7 – Adapter une campagne d’un autre jeu ou une histoire issue d’un autre genre.

Méthode surprenante mais amusante : prenez les Masques de Nyarlathotep et faites-en une adaptation pour Donj’ (y en a qui l’ont fait, et ça fonctionne très bien). Prenez le scénar du film Star Wars et transformez-le en scénario épique pour L5A. Jouez des PJ inspirés d’Arthur et des chevaliers de la table ronde… mais dans Unknown Armies. Prenez l’histoire que vous connaissez le mieux au monde et transposez-la dans un univers improbable. Le simple exercice d’adaptation devrait déjà se révéler amusant.

8 – Jouer au jeu de l’espion… mais en aveugle.

Tous les MJ le font un jour ou l’autre : on confie à un joueur le rôle de “l’espion” au sein du groupe. C’est lui qui va éliminer discrètement les témoins importants (“Oh, désolé, j’ai tué ce type alors qu’on aurait mieux fait de le faire parler…”), se retourner contre les autres ou les poignarder tranquillement dans le dos.

C’est toujours très sympa, mais cela dénature un peu le rôle du MJ, qui a parfois tendance à “jouer un camp contre l’autre” ou à ne pas être entièrement impartial (ce qui n’est pas forcément un mal, parfois, cela dit).

Utilisez la méthode de l’espion “en aveugle”. Vous écrivez sur un petit papier quelque chose du genre : “Tu es en réalité l’espion.ne du roi Grütcblu et quand les autres retrouveront la princesse, tu as pour mission de l’assassiner. Ca lui apprendra à vouloir sans arrêt des poneys pour son anniversaire et à se faire capturer par le premier duc renégat venu.” Vous prenez ensuite autant de petits papiers qu’il y a de joueurs moins un, et vous distribuez tout ça en cachette. Désormais, votre scénario contient une variable que vous ne maîtrisez pas : un de vos joueurs joue différemment, mais VOUS ne savez pas lequel. Vous devriez bien vous amuser. Vous pouvez même corser un peu le jeu en attribuant PLUSIEURS rôles secrets

9 – Refuser de mettre des images dans vos posts parce que vous avez la flemme.

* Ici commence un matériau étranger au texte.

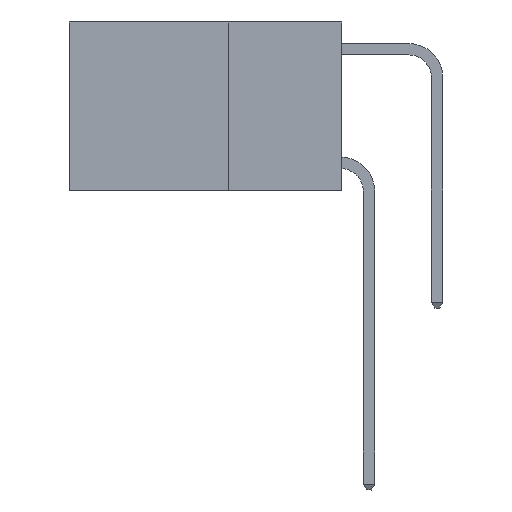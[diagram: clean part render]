
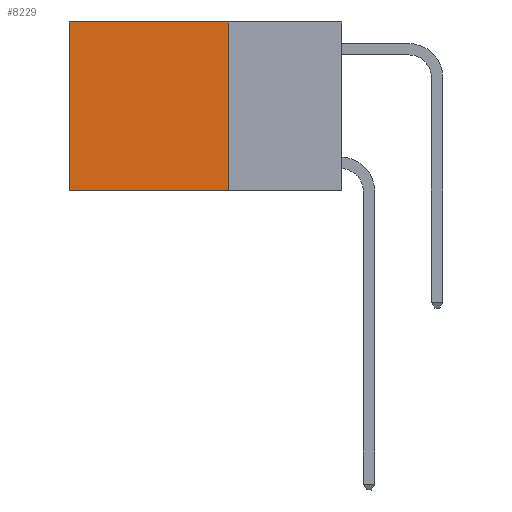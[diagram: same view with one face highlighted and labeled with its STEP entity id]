
A CAD part, left-side view. The second image highlights one B-rep face of the part: STEP entity #8229.
In plain terms, the highlighted planar face has unit normal (-1, 0, 0).
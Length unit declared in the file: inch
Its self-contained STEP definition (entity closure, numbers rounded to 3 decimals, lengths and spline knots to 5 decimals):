
#720 = VECTOR ( 'NONE', #3003, 39.37008 ) ;
#786 = LINE ( 'NONE', #5539, #11159 ) ;
#1033 = EDGE_CURVE ( 'NONE', #5585, #5568, #786, .T. ) ;
#1151 = PLANE ( 'NONE',  #9772 ) ;
#1198 = CARTESIAN_POINT ( 'NONE',  ( 0.2625, 0.6, 0. ) ) ;
#2158 = DIRECTION ( 'NONE',  ( 0., 0., -1. ) ) ;
#2400 = CARTESIAN_POINT ( 'NONE',  ( 0.2625, 0.25, 0. ) ) ;
#2414 = ORIENTED_EDGE ( 'NONE', *, *, #7806, .T. ) ;
#2438 = VERTEX_POINT ( 'NONE', #8754 ) ;
#3003 = DIRECTION ( 'NONE',  ( 0., 0., -1. ) ) ;
#3384 = ORIENTED_EDGE ( 'NONE', *, *, #1033, .F. ) ;
#3541 = CARTESIAN_POINT ( 'NONE',  ( 0.2625, 0.25, -0.37 ) ) ;
#3882 = DIRECTION ( 'NONE',  ( 0., 0., -1. ) ) ;
#4372 = CARTESIAN_POINT ( 'NONE',  ( 0.2625, 0.6, -0.37 ) ) ;
#4962 = VECTOR ( 'NONE', #3882, 39.37008 ) ;
#5082 = EDGE_LOOP ( 'NONE', ( #2414, #3384, #9363, #6862 ) ) ;
#5367 = VECTOR ( 'NONE', #11309, 39.37008 ) ;
#5419 = EDGE_CURVE ( 'NONE', #2438, #5585, #9130, .T. ) ;
#5539 = CARTESIAN_POINT ( 'NONE',  ( 0.2625, 0.25, -0.37 ) ) ;
#5568 = VERTEX_POINT ( 'NONE', #4372 ) ;
#5585 = VERTEX_POINT ( 'NONE', #3541 ) ;
#6031 = EDGE_CURVE ( 'NONE', #2438, #9987, #9938, .T. ) ;
#6862 = ORIENTED_EDGE ( 'NONE', *, *, #6031, .T. ) ;
#7526 = DIRECTION ( 'NONE',  ( 0., 1., 0. ) ) ;
#7806 = EDGE_CURVE ( 'NONE', #9987, #5568, #10972, .T. ) ;
#8079 = FACE_OUTER_BOUND ( 'NONE', #5082, .T. ) ;
#8229 = ADVANCED_FACE ( 'NONE', ( #8079 ), #1151, .F. ) ;
#8754 = CARTESIAN_POINT ( 'NONE',  ( 0.2625, 0.25, 0. ) ) ;
#9019 = CARTESIAN_POINT ( 'NONE',  ( 0.2625, 0.25, 0. ) ) ;
#9055 = CARTESIAN_POINT ( 'NONE',  ( 0.2625, 0.25, 0. ) ) ;
#9130 = LINE ( 'NONE', #2400, #4962 ) ;
#9363 = ORIENTED_EDGE ( 'NONE', *, *, #5419, .F. ) ;
#9772 = AXIS2_PLACEMENT_3D ( 'NONE', #9019, #9952, #2158 ) ;
#9918 = CARTESIAN_POINT ( 'NONE',  ( 0.2625, 0.6, 0. ) ) ;
#9938 = LINE ( 'NONE', #9055, #5367 ) ;
#9952 = DIRECTION ( 'NONE',  ( 1., 0., 0. ) ) ;
#9987 = VERTEX_POINT ( 'NONE', #1198 ) ;
#10972 = LINE ( 'NONE', #9918, #720 ) ;
#11159 = VECTOR ( 'NONE', #7526, 39.37008 ) ;
#11309 = DIRECTION ( 'NONE',  ( 0., 1., 0. ) ) ;

Une méthode rarement utilisée, et souvent critiquée, mais uniquement par des trous de balle. Elle vous permettra de vous consacrer à des tâches importante comme manger des gâteaux ou jouer à Zelda sur la Switch. Ne la négligez pas, surtout qu’elle ne manquera pas de surprendre les gens, et que les plus intelligents s’esbaudiront devant votre formidable sens de la gestion du temps.

Et voilà, à très bientôt (dans environ huit ans) pour un autre article de la série machin, je sais pus le titre.